*** Opening of MATERIAL SUPPLIED ***
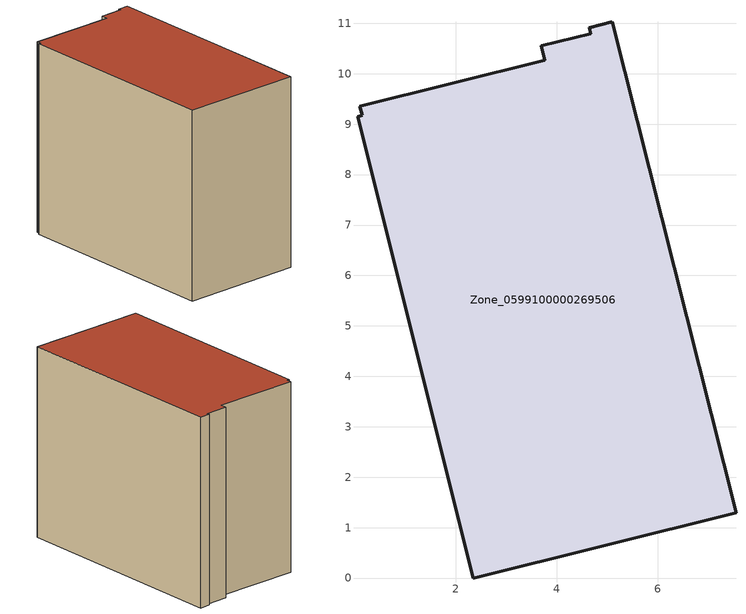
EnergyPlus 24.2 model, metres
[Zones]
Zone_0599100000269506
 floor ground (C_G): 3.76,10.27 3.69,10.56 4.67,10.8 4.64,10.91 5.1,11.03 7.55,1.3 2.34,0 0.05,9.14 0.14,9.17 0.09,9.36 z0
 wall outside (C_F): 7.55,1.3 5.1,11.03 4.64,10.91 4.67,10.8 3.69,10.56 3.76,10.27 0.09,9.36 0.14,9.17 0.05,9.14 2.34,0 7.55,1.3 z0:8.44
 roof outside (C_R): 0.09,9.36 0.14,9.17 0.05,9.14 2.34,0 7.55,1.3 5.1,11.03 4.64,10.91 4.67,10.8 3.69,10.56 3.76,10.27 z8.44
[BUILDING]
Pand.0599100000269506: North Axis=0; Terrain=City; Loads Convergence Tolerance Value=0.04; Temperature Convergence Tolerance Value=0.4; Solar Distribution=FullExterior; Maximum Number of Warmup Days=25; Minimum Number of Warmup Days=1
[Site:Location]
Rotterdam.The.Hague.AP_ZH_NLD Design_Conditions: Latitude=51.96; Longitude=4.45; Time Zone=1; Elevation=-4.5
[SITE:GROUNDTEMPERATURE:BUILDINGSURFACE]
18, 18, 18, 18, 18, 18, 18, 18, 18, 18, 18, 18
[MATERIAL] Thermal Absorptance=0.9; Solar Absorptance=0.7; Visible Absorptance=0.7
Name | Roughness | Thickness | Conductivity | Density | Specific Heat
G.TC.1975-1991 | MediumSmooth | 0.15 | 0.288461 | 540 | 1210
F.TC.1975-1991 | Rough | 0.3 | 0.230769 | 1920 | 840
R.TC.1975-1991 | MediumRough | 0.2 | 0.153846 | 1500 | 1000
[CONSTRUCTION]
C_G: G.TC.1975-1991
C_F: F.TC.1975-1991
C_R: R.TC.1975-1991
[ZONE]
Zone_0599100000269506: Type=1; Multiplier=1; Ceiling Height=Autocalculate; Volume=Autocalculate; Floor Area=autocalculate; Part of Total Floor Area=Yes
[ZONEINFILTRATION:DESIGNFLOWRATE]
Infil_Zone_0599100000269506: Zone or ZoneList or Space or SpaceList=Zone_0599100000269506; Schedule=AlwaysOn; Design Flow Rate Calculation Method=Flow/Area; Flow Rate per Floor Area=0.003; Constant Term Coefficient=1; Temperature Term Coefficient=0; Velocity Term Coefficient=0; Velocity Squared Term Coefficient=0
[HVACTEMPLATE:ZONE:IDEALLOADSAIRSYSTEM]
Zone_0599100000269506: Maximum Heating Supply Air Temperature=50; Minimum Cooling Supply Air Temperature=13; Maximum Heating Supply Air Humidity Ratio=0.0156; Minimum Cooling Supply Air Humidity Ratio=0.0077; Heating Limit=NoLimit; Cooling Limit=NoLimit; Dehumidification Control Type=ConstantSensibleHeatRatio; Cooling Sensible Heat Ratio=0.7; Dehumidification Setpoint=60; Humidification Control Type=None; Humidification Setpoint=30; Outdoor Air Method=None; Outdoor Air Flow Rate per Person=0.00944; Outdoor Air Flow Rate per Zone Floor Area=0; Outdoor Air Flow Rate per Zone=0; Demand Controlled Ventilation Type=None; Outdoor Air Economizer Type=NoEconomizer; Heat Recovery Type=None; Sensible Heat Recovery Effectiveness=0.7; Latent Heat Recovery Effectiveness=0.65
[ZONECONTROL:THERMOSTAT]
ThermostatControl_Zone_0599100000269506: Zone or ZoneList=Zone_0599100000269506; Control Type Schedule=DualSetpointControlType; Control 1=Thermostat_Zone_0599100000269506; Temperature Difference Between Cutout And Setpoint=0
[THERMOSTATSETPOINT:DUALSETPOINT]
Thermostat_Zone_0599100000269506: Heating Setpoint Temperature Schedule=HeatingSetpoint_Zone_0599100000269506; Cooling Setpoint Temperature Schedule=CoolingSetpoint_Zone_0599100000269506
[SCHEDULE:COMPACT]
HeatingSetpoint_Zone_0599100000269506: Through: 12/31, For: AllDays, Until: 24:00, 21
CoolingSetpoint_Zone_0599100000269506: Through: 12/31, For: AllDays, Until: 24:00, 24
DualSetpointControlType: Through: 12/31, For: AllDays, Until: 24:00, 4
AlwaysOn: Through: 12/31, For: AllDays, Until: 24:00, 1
*** Close of MATERIAL SUPPLIED ***
## REQUIREMENT
Precisely the lines between those holding "F.TC.1975-1991 | Rough" and "[ZONECONTROL:THERMOSTAT]", inclusive, are to be reproduced from the listing above, with nothing added.

## ANSWER BOX
F.TC.1975-1991 | Rough | 0.3 | 0.230769 | 1920 | 840
R.TC.1975-1991 | MediumRough | 0.2 | 0.153846 | 1500 | 1000
[CONSTRUCTION]
C_G: G.TC.1975-1991
C_F: F.TC.1975-1991
C_R: R.TC.1975-1991
[ZONE]
Zone_0599100000269506: Type=1; Multiplier=1; Ceiling Height=Autocalculate; Volume=Autocalculate; Floor Area=autocalculate; Part of Total Floor Area=Yes
[ZONEINFILTRATION:DESIGNFLOWRATE]
Infil_Zone_0599100000269506: Zone or ZoneList or Space or SpaceList=Zone_0599100000269506; Schedule=AlwaysOn; Design Flow Rate Calculation Method=Flow/Area; Flow Rate per Floor Area=0.003; Constant Term Coefficient=1; Temperature Term Coefficient=0; Velocity Term Coefficient=0; Velocity Squared Term Coefficient=0
[HVACTEMPLATE:ZONE:IDEALLOADSAIRSYSTEM]
Zone_0599100000269506: Maximum Heating Supply Air Temperature=50; Minimum Cooling Supply Air Temperature=13; Maximum Heating Supply Air Humidity Ratio=0.0156; Minimum Cooling Supply Air Humidity Ratio=0.0077; Heating Limit=NoLimit; Cooling Limit=NoLimit; Dehumidification Control Type=ConstantSensibleHeatRatio; Cooling Sensible Heat Ratio=0.7; Dehumidification Setpoint=60; Humidification Control Type=None; Humidification Setpoint=30; Outdoor Air Method=None; Outdoor Air Flow Rate per Person=0.00944; Outdoor Air Flow Rate per Zone Floor Area=0; Outdoor Air Flow Rate per Zone=0; Demand Controlled Ventilation Type=None; Outdoor Air Economizer Type=NoEconomizer; Heat Recovery Type=None; Sensible Heat Recovery Effectiveness=0.7; Latent Heat Recovery Effectiveness=0.65
[ZONECONTROL:THERMOSTAT]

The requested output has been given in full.